(Records drawn from a dataset)
[Start of Attachment]
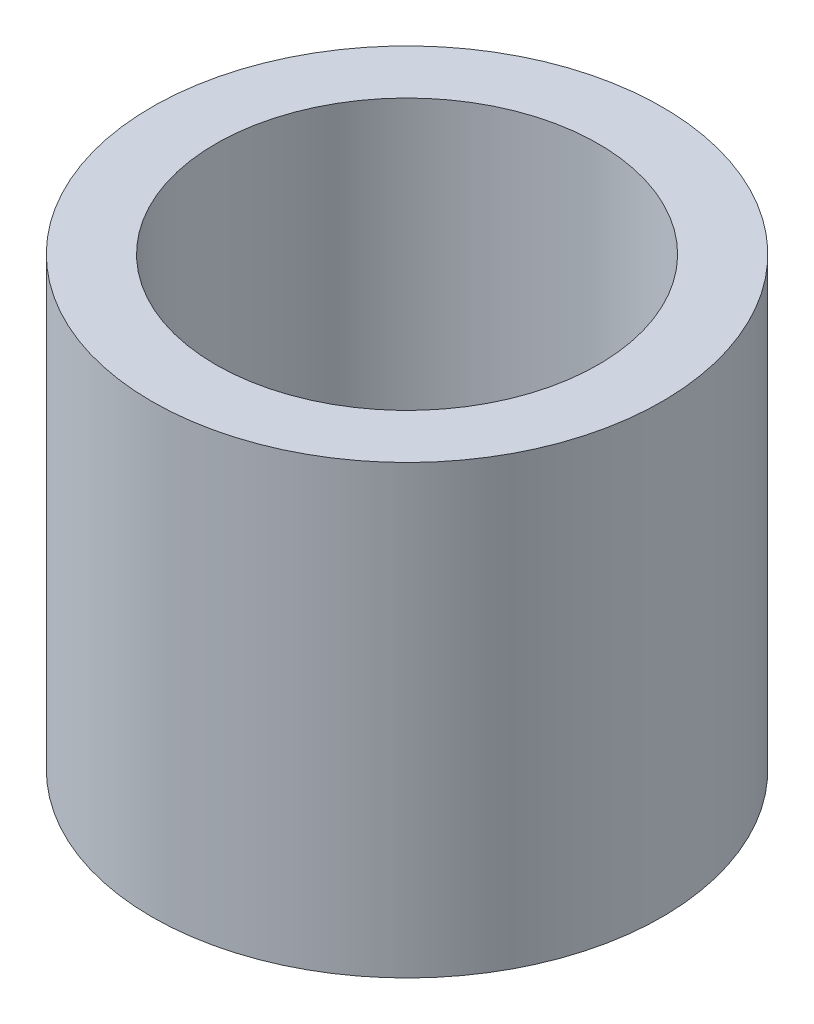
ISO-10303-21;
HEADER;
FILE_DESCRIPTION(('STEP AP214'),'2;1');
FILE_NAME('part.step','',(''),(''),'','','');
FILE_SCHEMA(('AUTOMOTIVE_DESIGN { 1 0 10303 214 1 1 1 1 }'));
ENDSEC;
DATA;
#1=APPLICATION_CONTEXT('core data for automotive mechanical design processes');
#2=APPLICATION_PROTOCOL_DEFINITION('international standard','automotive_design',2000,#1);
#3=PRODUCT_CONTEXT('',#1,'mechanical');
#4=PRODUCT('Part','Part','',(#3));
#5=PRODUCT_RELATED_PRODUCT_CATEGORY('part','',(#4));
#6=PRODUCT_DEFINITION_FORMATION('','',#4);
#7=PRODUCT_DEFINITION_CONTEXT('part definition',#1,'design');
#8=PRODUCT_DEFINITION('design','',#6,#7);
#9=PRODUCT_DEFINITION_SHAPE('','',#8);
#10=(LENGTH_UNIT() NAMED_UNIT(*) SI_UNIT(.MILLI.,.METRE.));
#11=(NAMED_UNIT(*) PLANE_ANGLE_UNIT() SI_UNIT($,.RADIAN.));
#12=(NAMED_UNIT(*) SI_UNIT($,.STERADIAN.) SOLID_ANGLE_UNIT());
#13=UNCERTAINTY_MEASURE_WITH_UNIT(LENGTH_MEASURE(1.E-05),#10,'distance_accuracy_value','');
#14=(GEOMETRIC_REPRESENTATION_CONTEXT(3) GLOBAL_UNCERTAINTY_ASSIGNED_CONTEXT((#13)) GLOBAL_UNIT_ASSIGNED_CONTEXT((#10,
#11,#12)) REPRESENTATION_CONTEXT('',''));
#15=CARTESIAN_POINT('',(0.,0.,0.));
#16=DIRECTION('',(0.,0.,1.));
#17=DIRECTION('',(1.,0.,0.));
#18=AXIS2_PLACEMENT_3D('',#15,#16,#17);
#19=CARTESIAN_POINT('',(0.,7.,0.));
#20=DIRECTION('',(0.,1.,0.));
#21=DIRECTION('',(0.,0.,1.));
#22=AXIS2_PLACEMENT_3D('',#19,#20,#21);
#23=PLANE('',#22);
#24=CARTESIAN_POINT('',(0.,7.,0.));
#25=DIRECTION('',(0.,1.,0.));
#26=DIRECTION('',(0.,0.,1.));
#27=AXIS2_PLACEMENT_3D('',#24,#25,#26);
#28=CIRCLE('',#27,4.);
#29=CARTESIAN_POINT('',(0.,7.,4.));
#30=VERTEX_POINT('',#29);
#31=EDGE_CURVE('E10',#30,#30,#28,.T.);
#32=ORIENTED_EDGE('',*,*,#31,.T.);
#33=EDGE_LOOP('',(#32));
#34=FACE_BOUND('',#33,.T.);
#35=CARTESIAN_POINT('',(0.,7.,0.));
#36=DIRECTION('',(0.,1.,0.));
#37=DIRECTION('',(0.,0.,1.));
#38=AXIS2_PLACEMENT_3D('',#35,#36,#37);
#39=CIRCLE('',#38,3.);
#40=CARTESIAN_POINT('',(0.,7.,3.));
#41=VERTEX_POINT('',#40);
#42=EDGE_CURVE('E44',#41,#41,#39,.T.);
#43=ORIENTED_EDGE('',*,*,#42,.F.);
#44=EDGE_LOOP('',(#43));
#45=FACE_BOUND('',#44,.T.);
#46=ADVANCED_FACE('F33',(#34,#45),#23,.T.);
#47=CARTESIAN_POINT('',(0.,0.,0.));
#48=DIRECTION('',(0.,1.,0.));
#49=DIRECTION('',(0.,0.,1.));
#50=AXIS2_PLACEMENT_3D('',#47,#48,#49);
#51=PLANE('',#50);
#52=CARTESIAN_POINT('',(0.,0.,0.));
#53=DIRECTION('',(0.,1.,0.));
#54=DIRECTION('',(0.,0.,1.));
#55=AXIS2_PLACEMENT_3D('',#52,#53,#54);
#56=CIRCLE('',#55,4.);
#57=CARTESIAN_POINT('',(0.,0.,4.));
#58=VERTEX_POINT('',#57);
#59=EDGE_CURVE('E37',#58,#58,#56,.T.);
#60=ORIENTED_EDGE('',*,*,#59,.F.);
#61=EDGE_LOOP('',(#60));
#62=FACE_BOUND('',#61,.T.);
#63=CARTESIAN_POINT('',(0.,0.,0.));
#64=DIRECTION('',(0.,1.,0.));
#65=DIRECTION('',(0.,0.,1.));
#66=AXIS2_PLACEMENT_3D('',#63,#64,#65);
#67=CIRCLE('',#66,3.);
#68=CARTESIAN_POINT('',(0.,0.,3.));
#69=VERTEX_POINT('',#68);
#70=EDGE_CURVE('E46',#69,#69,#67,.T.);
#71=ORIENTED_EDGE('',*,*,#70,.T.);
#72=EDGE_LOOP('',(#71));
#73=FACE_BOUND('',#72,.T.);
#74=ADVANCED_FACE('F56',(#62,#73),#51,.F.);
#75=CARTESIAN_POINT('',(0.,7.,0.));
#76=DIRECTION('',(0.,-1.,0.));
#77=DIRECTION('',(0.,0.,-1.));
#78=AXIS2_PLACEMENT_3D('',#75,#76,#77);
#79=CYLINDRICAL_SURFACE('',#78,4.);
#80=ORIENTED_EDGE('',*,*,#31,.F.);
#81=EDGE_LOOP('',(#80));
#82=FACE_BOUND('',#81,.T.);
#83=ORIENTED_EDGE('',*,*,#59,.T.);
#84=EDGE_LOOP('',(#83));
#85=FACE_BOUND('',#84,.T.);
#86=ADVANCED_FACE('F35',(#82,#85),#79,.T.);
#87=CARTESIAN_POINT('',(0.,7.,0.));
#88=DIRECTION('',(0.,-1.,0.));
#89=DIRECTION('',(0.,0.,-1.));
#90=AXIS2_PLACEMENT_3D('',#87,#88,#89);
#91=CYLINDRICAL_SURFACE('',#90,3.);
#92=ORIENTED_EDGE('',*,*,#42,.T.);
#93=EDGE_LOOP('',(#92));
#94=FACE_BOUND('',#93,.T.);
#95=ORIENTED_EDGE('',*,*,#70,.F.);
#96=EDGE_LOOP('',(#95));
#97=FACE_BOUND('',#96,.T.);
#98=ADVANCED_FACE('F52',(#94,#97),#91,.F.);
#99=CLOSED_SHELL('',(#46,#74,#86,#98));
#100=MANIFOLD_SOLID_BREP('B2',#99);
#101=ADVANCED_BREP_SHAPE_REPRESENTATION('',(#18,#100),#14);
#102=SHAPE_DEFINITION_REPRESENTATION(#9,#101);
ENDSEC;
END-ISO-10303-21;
[End of Attachment]
* **What the task asks**: The records above must be repeated in full and exactly, but without any of the pictures.

* **Exercise output**:
ISO-10303-21;
HEADER;
FILE_DESCRIPTION(('STEP AP214'),'2;1');
FILE_NAME('part.step','',(''),(''),'','','');
FILE_SCHEMA(('AUTOMOTIVE_DESIGN { 1 0 10303 214 1 1 1 1 }'));
ENDSEC;
DATA;
#1=APPLICATION_CONTEXT('core data for automotive mechanical design processes');
#2=APPLICATION_PROTOCOL_DEFINITION('international standard','automotive_design',2000,#1);
#3=PRODUCT_CONTEXT('',#1,'mechanical');
#4=PRODUCT('Part','Part','',(#3));
#5=PRODUCT_RELATED_PRODUCT_CATEGORY('part','',(#4));
#6=PRODUCT_DEFINITION_FORMATION('','',#4);
#7=PRODUCT_DEFINITION_CONTEXT('part definition',#1,'design');
#8=PRODUCT_DEFINITION('design','',#6,#7);
#9=PRODUCT_DEFINITION_SHAPE('','',#8);
#10=(LENGTH_UNIT() NAMED_UNIT(*) SI_UNIT(.MILLI.,.METRE.));
#11=(NAMED_UNIT(*) PLANE_ANGLE_UNIT() SI_UNIT($,.RADIAN.));
#12=(NAMED_UNIT(*) SI_UNIT($,.STERADIAN.) SOLID_ANGLE_UNIT());
#13=UNCERTAINTY_MEASURE_WITH_UNIT(LENGTH_MEASURE(1.E-05),#10,'distance_accuracy_value','');
#14=(GEOMETRIC_REPRESENTATION_CONTEXT(3) GLOBAL_UNCERTAINTY_ASSIGNED_CONTEXT((#13)) GLOBAL_UNIT_ASSIGNED_CONTEXT((#10,
#11,#12)) REPRESENTATION_CONTEXT('',''));
#15=CARTESIAN_POINT('',(0.,0.,0.));
#16=DIRECTION('',(0.,0.,1.));
#17=DIRECTION('',(1.,0.,0.));
#18=AXIS2_PLACEMENT_3D('',#15,#16,#17);
#19=CARTESIAN_POINT('',(0.,7.,0.));
#20=DIRECTION('',(0.,1.,0.));
#21=DIRECTION('',(0.,0.,1.));
#22=AXIS2_PLACEMENT_3D('',#19,#20,#21);
#23=PLANE('',#22);
#24=CARTESIAN_POINT('',(0.,7.,0.));
#25=DIRECTION('',(0.,1.,0.));
#26=DIRECTION('',(0.,0.,1.));
#27=AXIS2_PLACEMENT_3D('',#24,#25,#26);
#28=CIRCLE('',#27,4.);
#29=CARTESIAN_POINT('',(0.,7.,4.));
#30=VERTEX_POINT('',#29);
#31=EDGE_CURVE('E10',#30,#30,#28,.T.);
#32=ORIENTED_EDGE('',*,*,#31,.T.);
#33=EDGE_LOOP('',(#32));
#34=FACE_BOUND('',#33,.T.);
#35=CARTESIAN_POINT('',(0.,7.,0.));
#36=DIRECTION('',(0.,1.,0.));
#37=DIRECTION('',(0.,0.,1.));
#38=AXIS2_PLACEMENT_3D('',#35,#36,#37);
#39=CIRCLE('',#38,3.);
#40=CARTESIAN_POINT('',(0.,7.,3.));
#41=VERTEX_POINT('',#40);
#42=EDGE_CURVE('E44',#41,#41,#39,.T.);
#43=ORIENTED_EDGE('',*,*,#42,.F.);
#44=EDGE_LOOP('',(#43));
#45=FACE_BOUND('',#44,.T.);
#46=ADVANCED_FACE('F33',(#34,#45),#23,.T.);
#47=CARTESIAN_POINT('',(0.,0.,0.));
#48=DIRECTION('',(0.,1.,0.));
#49=DIRECTION('',(0.,0.,1.));
#50=AXIS2_PLACEMENT_3D('',#47,#48,#49);
#51=PLANE('',#50);
#52=CARTESIAN_POINT('',(0.,0.,0.));
#53=DIRECTION('',(0.,1.,0.));
#54=DIRECTION('',(0.,0.,1.));
#55=AXIS2_PLACEMENT_3D('',#52,#53,#54);
#56=CIRCLE('',#55,4.);
#57=CARTESIAN_POINT('',(0.,0.,4.));
#58=VERTEX_POINT('',#57);
#59=EDGE_CURVE('E37',#58,#58,#56,.T.);
#60=ORIENTED_EDGE('',*,*,#59,.F.);
#61=EDGE_LOOP('',(#60));
#62=FACE_BOUND('',#61,.T.);
#63=CARTESIAN_POINT('',(0.,0.,0.));
#64=DIRECTION('',(0.,1.,0.));
#65=DIRECTION('',(0.,0.,1.));
#66=AXIS2_PLACEMENT_3D('',#63,#64,#65);
#67=CIRCLE('',#66,3.);
#68=CARTESIAN_POINT('',(0.,0.,3.));
#69=VERTEX_POINT('',#68);
#70=EDGE_CURVE('E46',#69,#69,#67,.T.);
#71=ORIENTED_EDGE('',*,*,#70,.T.);
#72=EDGE_LOOP('',(#71));
#73=FACE_BOUND('',#72,.T.);
#74=ADVANCED_FACE('F56',(#62,#73),#51,.F.);
#75=CARTESIAN_POINT('',(0.,7.,0.));
#76=DIRECTION('',(0.,-1.,0.));
#77=DIRECTION('',(0.,0.,-1.));
#78=AXIS2_PLACEMENT_3D('',#75,#76,#77);
#79=CYLINDRICAL_SURFACE('',#78,4.);
#80=ORIENTED_EDGE('',*,*,#31,.F.);
#81=EDGE_LOOP('',(#80));
#82=FACE_BOUND('',#81,.T.);
#83=ORIENTED_EDGE('',*,*,#59,.T.);
#84=EDGE_LOOP('',(#83));
#85=FACE_BOUND('',#84,.T.);
#86=ADVANCED_FACE('F35',(#82,#85),#79,.T.);
#87=CARTESIAN_POINT('',(0.,7.,0.));
#88=DIRECTION('',(0.,-1.,0.));
#89=DIRECTION('',(0.,0.,-1.));
#90=AXIS2_PLACEMENT_3D('',#87,#88,#89);
#91=CYLINDRICAL_SURFACE('',#90,3.);
#92=ORIENTED_EDGE('',*,*,#42,.T.);
#93=EDGE_LOOP('',(#92));
#94=FACE_BOUND('',#93,.T.);
#95=ORIENTED_EDGE('',*,*,#70,.F.);
#96=EDGE_LOOP('',(#95));
#97=FACE_BOUND('',#96,.T.);
#98=ADVANCED_FACE('F52',(#94,#97),#91,.F.);
#99=CLOSED_SHELL('',(#46,#74,#86,#98));
#100=MANIFOLD_SOLID_BREP('B2',#99);
#101=ADVANCED_BREP_SHAPE_REPRESENTATION('',(#18,#100),#14);
#102=SHAPE_DEFINITION_REPRESENTATION(#9,#101);
ENDSEC;
END-ISO-10303-21;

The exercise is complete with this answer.